Sunday, November 15, 2009

state of exception

Two years ago, when I took my first class in APA, a classmate said that he had never learned about Japanese internment in high school, had never known about it since college. Certain histories are ignored, erased, and conveniently forgotten: because how can we explain such gross violations of human rights and still believe in an ideal of American as an exceptional state when, really, it's a state of exception?

When we discuss concentration camps we think of Nazi Germany, images of evil dictatorships committing inconceivable acts of genocide. Racism on a grand scale. But racism removed from us, by time or place, things we think can never occur in our country, or our time. Yet in times of war, the boundaries of nations and national law become blurred, and (racial) difference becomes a marker of disloyalty.
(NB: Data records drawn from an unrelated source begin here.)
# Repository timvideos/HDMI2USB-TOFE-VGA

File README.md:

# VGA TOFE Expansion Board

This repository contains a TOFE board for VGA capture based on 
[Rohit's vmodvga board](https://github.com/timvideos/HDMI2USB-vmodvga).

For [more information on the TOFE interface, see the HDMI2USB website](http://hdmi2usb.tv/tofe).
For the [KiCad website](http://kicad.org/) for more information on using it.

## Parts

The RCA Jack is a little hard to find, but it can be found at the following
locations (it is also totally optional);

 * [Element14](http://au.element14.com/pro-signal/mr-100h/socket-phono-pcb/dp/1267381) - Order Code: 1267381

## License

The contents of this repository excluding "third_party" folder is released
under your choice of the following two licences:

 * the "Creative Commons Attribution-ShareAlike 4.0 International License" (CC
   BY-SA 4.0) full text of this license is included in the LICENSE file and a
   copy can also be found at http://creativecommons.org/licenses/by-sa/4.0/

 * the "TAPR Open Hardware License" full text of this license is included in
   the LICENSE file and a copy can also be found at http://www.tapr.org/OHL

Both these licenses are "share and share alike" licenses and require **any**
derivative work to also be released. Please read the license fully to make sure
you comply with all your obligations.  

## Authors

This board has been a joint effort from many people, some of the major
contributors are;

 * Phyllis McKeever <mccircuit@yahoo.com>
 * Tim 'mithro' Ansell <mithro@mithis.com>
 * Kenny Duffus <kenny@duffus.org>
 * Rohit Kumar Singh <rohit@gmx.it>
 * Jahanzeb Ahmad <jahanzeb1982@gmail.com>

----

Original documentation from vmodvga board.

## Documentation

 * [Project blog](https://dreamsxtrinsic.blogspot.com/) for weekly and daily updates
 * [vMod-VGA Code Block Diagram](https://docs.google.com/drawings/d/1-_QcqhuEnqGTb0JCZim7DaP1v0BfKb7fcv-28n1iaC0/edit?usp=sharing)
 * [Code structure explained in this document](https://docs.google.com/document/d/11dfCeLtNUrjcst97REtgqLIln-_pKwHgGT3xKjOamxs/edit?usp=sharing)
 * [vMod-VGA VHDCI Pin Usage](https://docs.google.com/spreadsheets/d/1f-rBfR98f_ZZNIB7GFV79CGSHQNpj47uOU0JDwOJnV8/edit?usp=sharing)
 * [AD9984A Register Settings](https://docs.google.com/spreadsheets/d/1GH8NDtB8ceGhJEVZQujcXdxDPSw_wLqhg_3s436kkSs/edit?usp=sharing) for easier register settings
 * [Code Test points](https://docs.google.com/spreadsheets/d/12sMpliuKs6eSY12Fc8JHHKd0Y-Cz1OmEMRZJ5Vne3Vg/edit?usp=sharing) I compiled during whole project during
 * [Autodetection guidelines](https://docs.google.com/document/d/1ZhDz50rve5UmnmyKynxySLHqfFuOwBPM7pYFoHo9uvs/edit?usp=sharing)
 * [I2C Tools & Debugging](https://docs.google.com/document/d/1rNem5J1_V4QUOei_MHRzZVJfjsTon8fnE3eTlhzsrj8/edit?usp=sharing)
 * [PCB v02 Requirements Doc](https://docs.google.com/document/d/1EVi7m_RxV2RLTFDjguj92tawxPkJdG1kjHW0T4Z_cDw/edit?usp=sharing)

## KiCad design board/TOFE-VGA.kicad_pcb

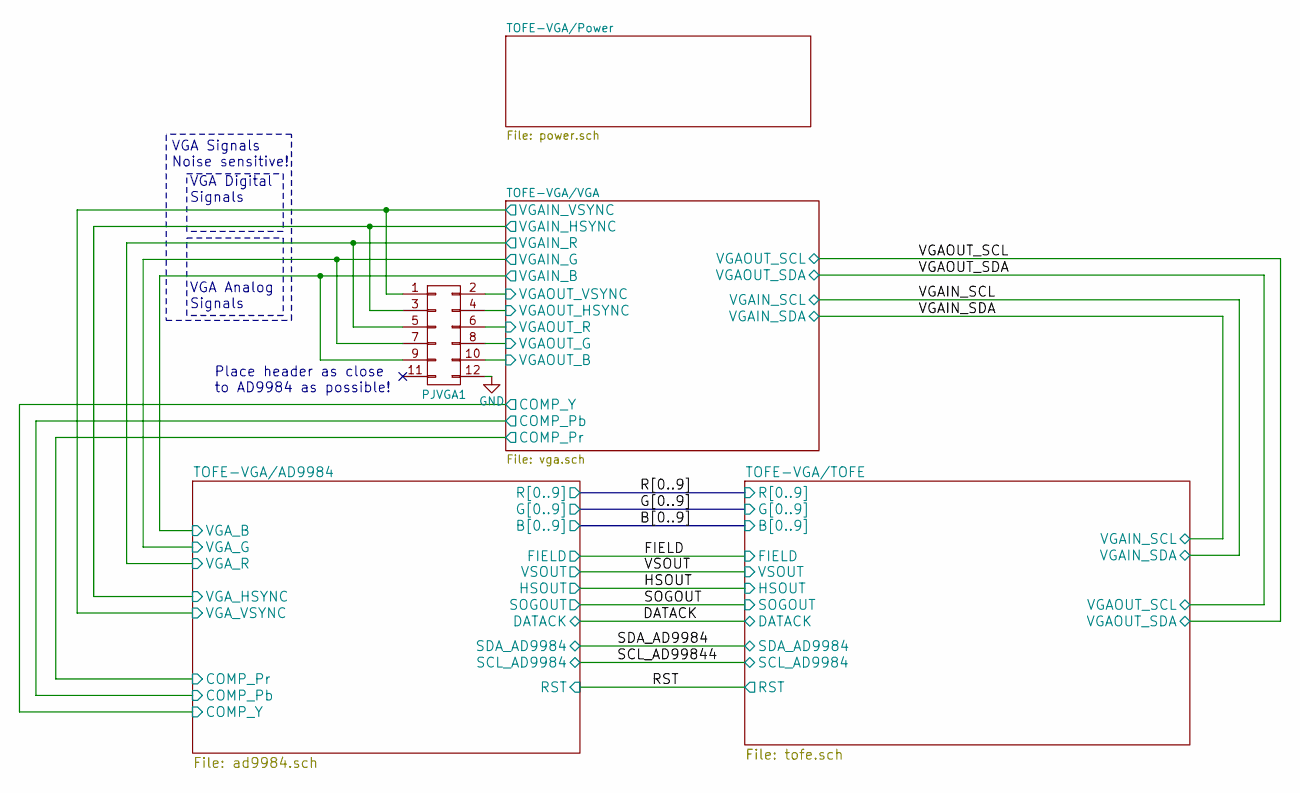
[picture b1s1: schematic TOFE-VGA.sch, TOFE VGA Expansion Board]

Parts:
PJVGA1: CONN_02X06; Pin_Header_Straight_2x06

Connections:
/TOFE-VGA/VGA/VGAIN_B: PJVGA1.9; also elsewhere on the board
/TOFE-VGA/VGA/VGAIN_G: PJVGA1.7; also elsewhere on the board
/TOFE-VGA/VGA/VGAIN_HSYNC: PJVGA1.3; also elsewhere on the board
/TOFE-VGA/VGA/VGAIN_R: PJVGA1.5; also elsewhere on the board
/TOFE-VGA/VGA/VGAIN_VSYNC: PJVGA1.1; also elsewhere on the board
/TOFE-VGA/VGA/VGAOUT_B: PJVGA1.10; also elsewhere on the board
/TOFE-VGA/VGA/VGAOUT_G: PJVGA1.8; also elsewhere on the board
/TOFE-VGA/VGA/VGAOUT_HSYNC: PJVGA1.4; also elsewhere on the board
/TOFE-VGA/VGA/VGAOUT_R: PJVGA1.6; also elsewhere on the board
/TOFE-VGA/VGA/VGAOUT_VSYNC: PJVGA1.2; also elsewhere on the board
GND: PJVGA1.12; also elsewhere on the board

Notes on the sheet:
VGA Signals Noise sensitive!
VGA Analog Signals
Place header as close to AD9984 as possible!
VGA Digital Signals

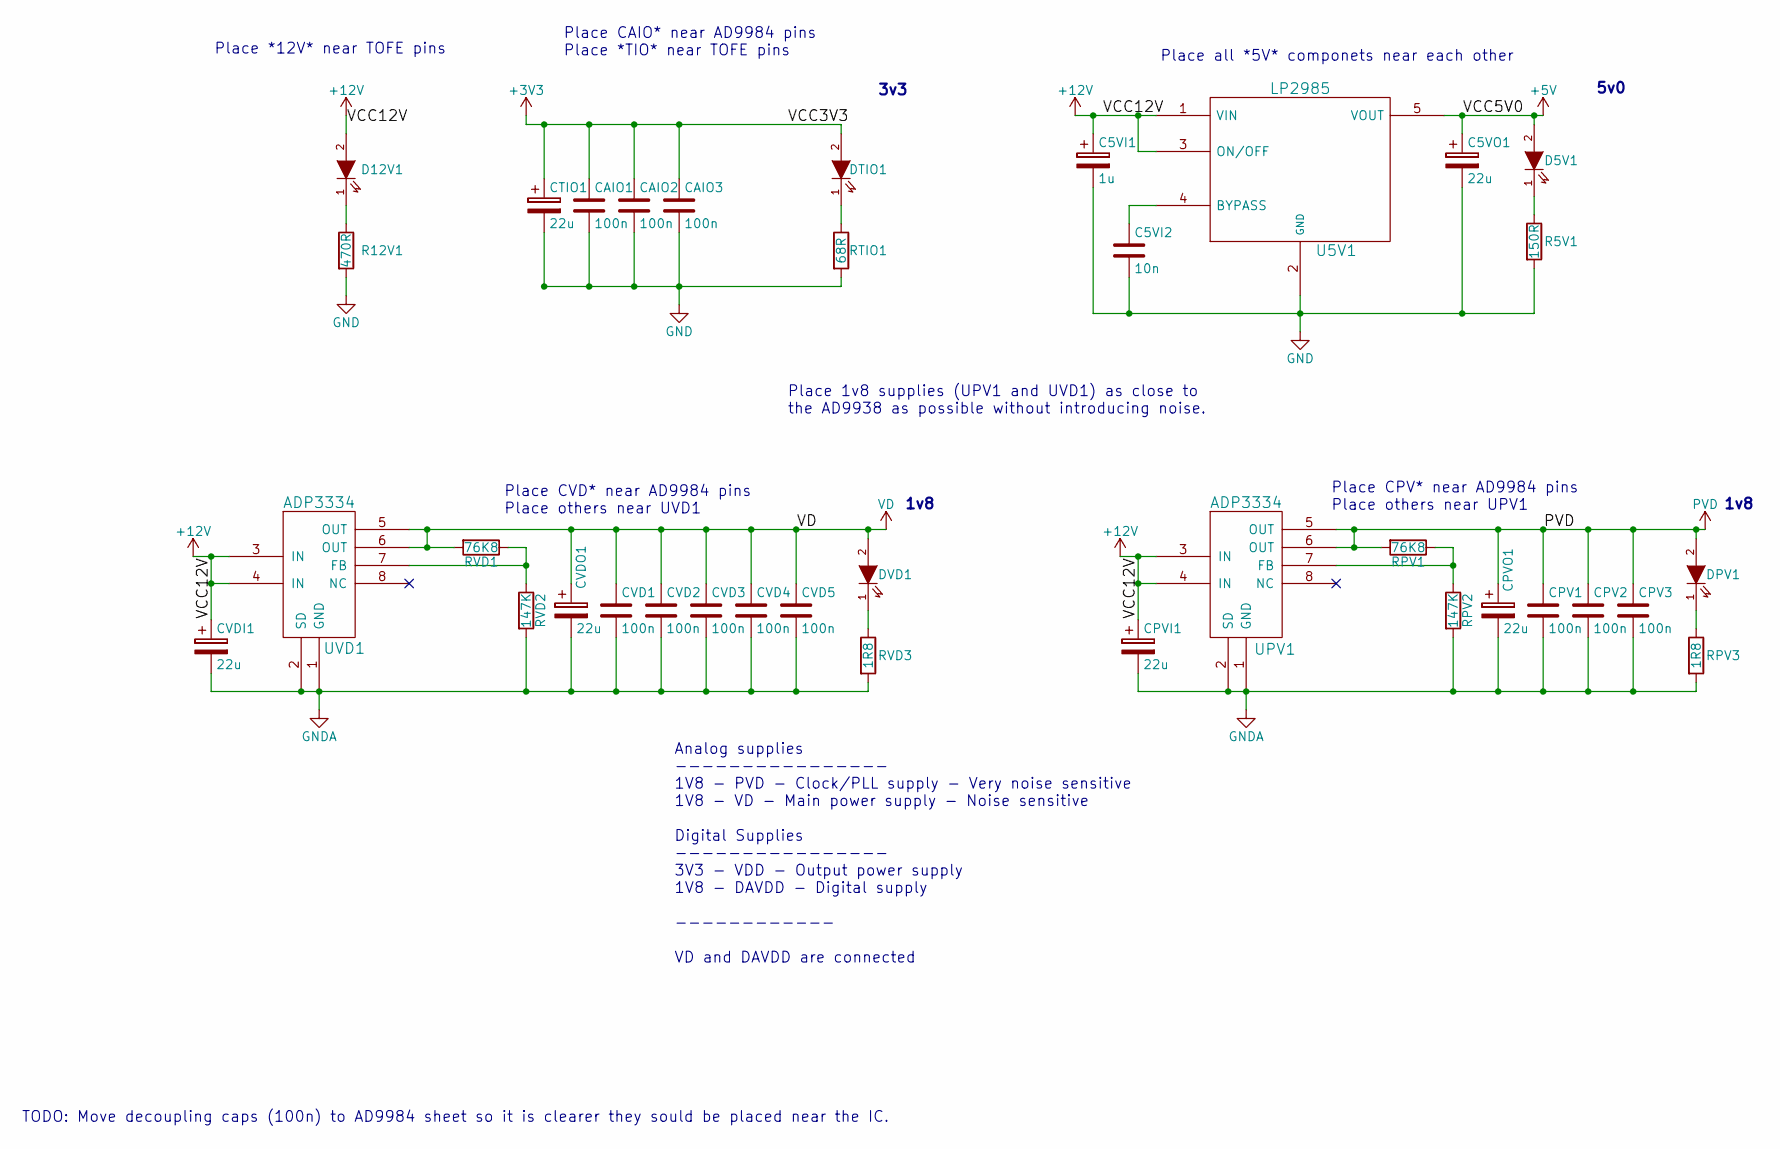
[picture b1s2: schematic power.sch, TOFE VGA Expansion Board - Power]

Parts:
C5VI1: 1u; c_elec_4x5.8
C5VI2: 10n; R_0805_HandSoldering
C5VO1: 22u; c_elec_4x5.8
CAIO1, CAIO2, CAIO3: 100n; R_0805_HandSoldering
CPV1, CPV2, CPV3: 100n; R_0805_HandSoldering
CPVI1: 22u; c_elec_4x5.8
CPVO1: 22u; c_elec_4x5.8
CTIO1: 22u; c_elec_4x5.8
CVD1, CVD2, CVD3, CVD4, CVD5: 100n; R_0805_HandSoldering
CVDI1: 22u; c_elec_4x5.8
CVDO1: 22u; c_elec_4x5.8
D5V1, D12V1: LED; LED_0805
DPV1: LED; LED_0805
DTIO1: LED; LED_0805
DVD1: LED; LED_0805
R5V1: 150R; R_0805_HandSoldering
R12V1: 470R; R_0805_HandSoldering
RPV1: 76K8; R_0805_HandSoldering
RPV2: 147K; R_0805_HandSoldering
RPV3: 1R8; R_0805_HandSoldering
RTIO1: 68R; R_0805_HandSoldering
RVD1: 76K8; R_0805_HandSoldering
RVD2: 147K; R_0805_HandSoldering
RVD3: 1R8; R_0805_HandSoldering
U5V1: LP2985; SOT-23-5
UPV1: ADP3334; MSOP-8_3x3mm_Pitch0.65mm
UVD1: ADP3334; MSOP-8_3x3mm_Pitch0.65mm

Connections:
+3V3: CAIO1.1, CAIO2.1, CAIO3.1, CTIO1.1, DTIO1.2 (A); also elsewhere on the board
+5V: C5VO1.1, D5V1.2 (A), U5V1.5 (VOUT); also elsewhere on the board
+12V: C5VI1.1, CPVI1.1, CVDI1.1, D12V1.2 (A), U5V1.1 (VIN), U5V1.3 (ON/OFF), UPV1.3 (IN), UPV1.4 (IN), UVD1.3 (IN), UVD1.4 (IN); also elsewhere on the board
GND: C5VI1.2, C5VI2.2, C5VO1.2, CAIO1.2, CAIO2.2, CAIO3.2, CTIO1.2, R5V1.2, R12V1.2, RTIO1.2, U5V1.2 (GND); also elsewhere on the board
GNDA: CPV1.2, CPV2.2, CPV3.2, CPVI1.2, CPVO1.2, CVD1.2, CVD2.2, CVD3.2, CVD4.2, CVD5.2, CVDI1.2, CVDO1.2, RPV2.2, RPV3.2, RVD2.2, RVD3.2, UPV1.1 (GND), UPV1.2 (SD), UVD1.1 (GND), UVD1.2 (SD); also elsewhere on the board
unnamed: C5VI2.1, U5V1.4 (BYPASS)
unnamed: D5V1.1 (K), R5V1.1
unnamed: D12V1.1 (K), R12V1.1
unnamed: DPV1.1 (K), RPV3.1
unnamed: DTIO1.1 (K), RTIO1.1
unnamed: DVD1.1 (K), RVD3.1
unnamed: RPV1.1, RPV2.1, UPV1.7 (FB)
unnamed: RVD1.1, RVD2.1, UVD1.7 (FB)
PVD: CPV1.1, CPV2.1, CPV3.1, CPVO1.1, DPV1.2 (A), RPV1.2, UPV1.5 (OUT), UPV1.6 (OUT); also elsewhere on the board
VD: CVD1.1, CVD2.1, CVD3.1, CVD4.1, CVD5.1, CVDO1.1, DVD1.2 (A), RVD1.2, UVD1.5 (OUT), UVD1.6 (OUT); also elsewhere on the board

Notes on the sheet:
3v3
1v8
5v0
Analog supplies ---------------- 1V8 - PVD - Clock/PLL supply - Very noise sensitive 1V8 - VD - Main power supply - Noise sensitive Digital Supplies ---------------- 3V3 - VDD - Output power supply 1V8 - DAVDD - Digital supply ------------ VD and DAVDD are connected
Place CPV* near AD9984 pins Place others near UPV1
Place CVD* near AD9984 pins Place others near UVD1
Place CAIO* near AD9984 pins Place *TIO* near TOFE pins
Place all *5V* componets near each other
Place *12V* near TOFE pins
TODO: Move decoupling caps (100n) to AD9984 sheet so it is clearer they sould be placed near the IC.
Place 1v8 supplies (UPV1 and UVD1) as close to the AD9938 as possible without introducing noise.

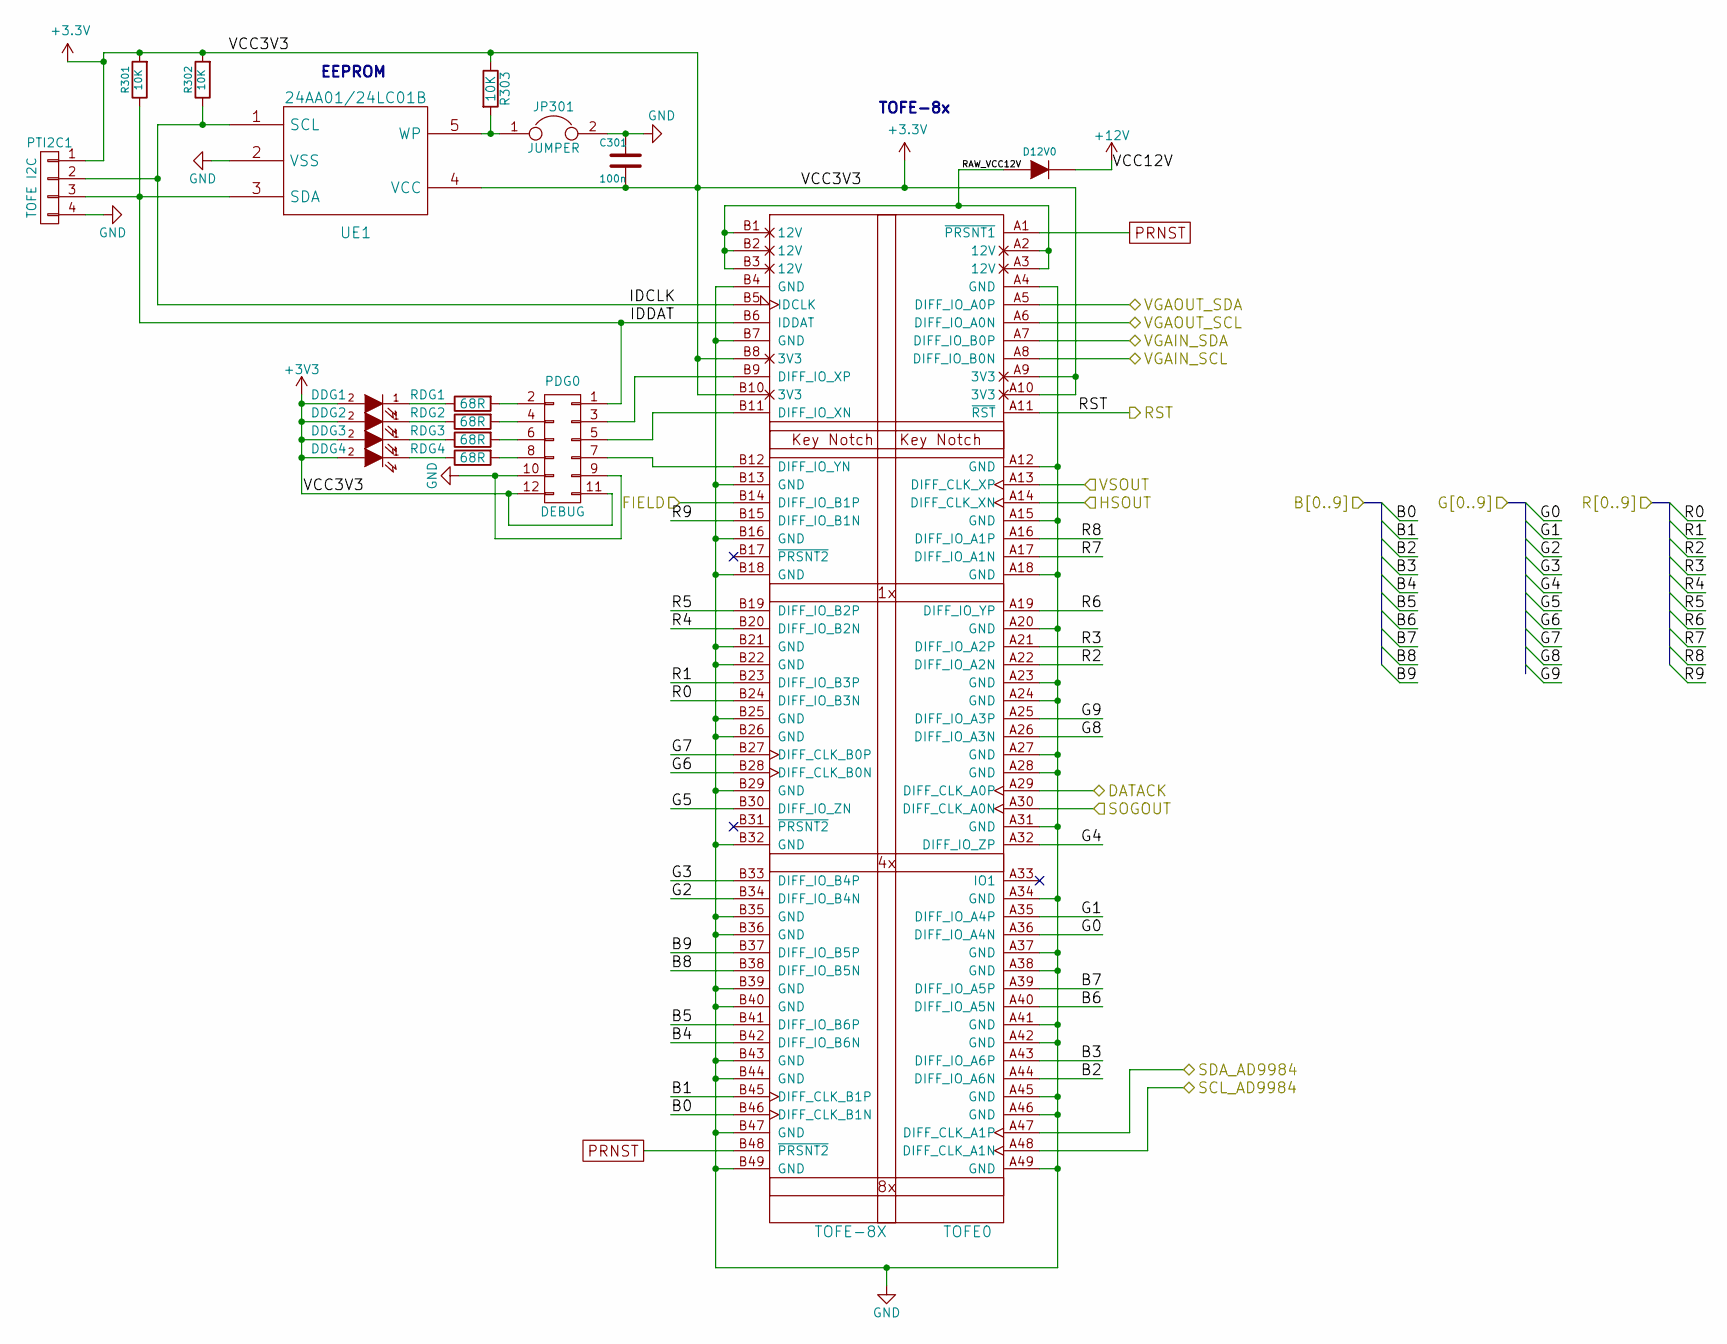
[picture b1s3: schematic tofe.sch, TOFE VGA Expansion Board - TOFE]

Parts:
C301: 100n; C_0805_HandSoldering
D12V0: DIODE; SMB_Handsoldering
DDG1, DDG2, DDG3, DDG4: LED; LED_0805
JP301: JUMPER; HARWIN-M20-87-2x1
PDG0: DEBUG; Pin_Header_Straight_2x06
PTI2C1: TOFE I2C; HARWIN-M20-87-4x1
R301, R302, R303: 10K; R_0603_HandSoldering
RDG1, RDG2, RDG3, RDG4: 68R; R_0603_HandSoldering
TOFE0: TOFE-8X; TOFE_8X_FullHeight
UE1: 24AA01/24LC01B; SOT-23-5

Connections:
+3V3: C301.2, DDG1.2 (A), DDG2.2 (A), DDG3.2 (A), DDG4.2 (A), PDG0.11, PDG0.12, PTI2C1.1, R301.2, R302.2, R303.1, TOFE0.A9 (3V3), TOFE0.A10 (3V3), TOFE0.B8 (3V3), TOFE0.B10 (3V3), UE1.4 (VCC); also elsewhere on the board
+12V: D12V0.2 (K); also elsewhere on the board
/DATACK: TOFE0.A29 (DIFF_CLK_A0P); also elsewhere on the board
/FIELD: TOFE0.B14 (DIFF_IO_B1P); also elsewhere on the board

Racial profiling and internment of Japanese Americans in the 1940s or of Muslims in the present day create paradoxes of citizenship and foreignness, forming what Mae Ngai calls "alien citizens": those who are caught in a liminal non-space between belonging and not belonging.

Amy Kaplan frames Guantánamo Bay in a similar way: "Where in the world is Guantánamo?" she asks; "...to ask about the location of Guantánamo is to ask: where in the world is the United States?" (832) If the history of Guantánamo as a place caught between nations, both belonging and not belonging to both the United States and Cuba, then it also becomes an apt metaphor for the place of its detainees, who are and are not citizens of the United States, are and are not aliens. The creation of legal categories like "unincorporated territories" echoes Ngai's "alien citizens," conflating physical/legal spaces with physical/legal bodies. What better place to house undefinable subjects than in undefinable territories?

1 comment:

  1. "The creation of legal categories like "unincorporated territories" echoes Ngai's "alien citizens," conflating physical/legal spaces with physical/legal bodies." Exactly - very well put. As we discussed in class, you could also make connections between these legal/ideological discourses and those we talked about in relation to Chinatown (of containment and the contagiousness of racialized bodies).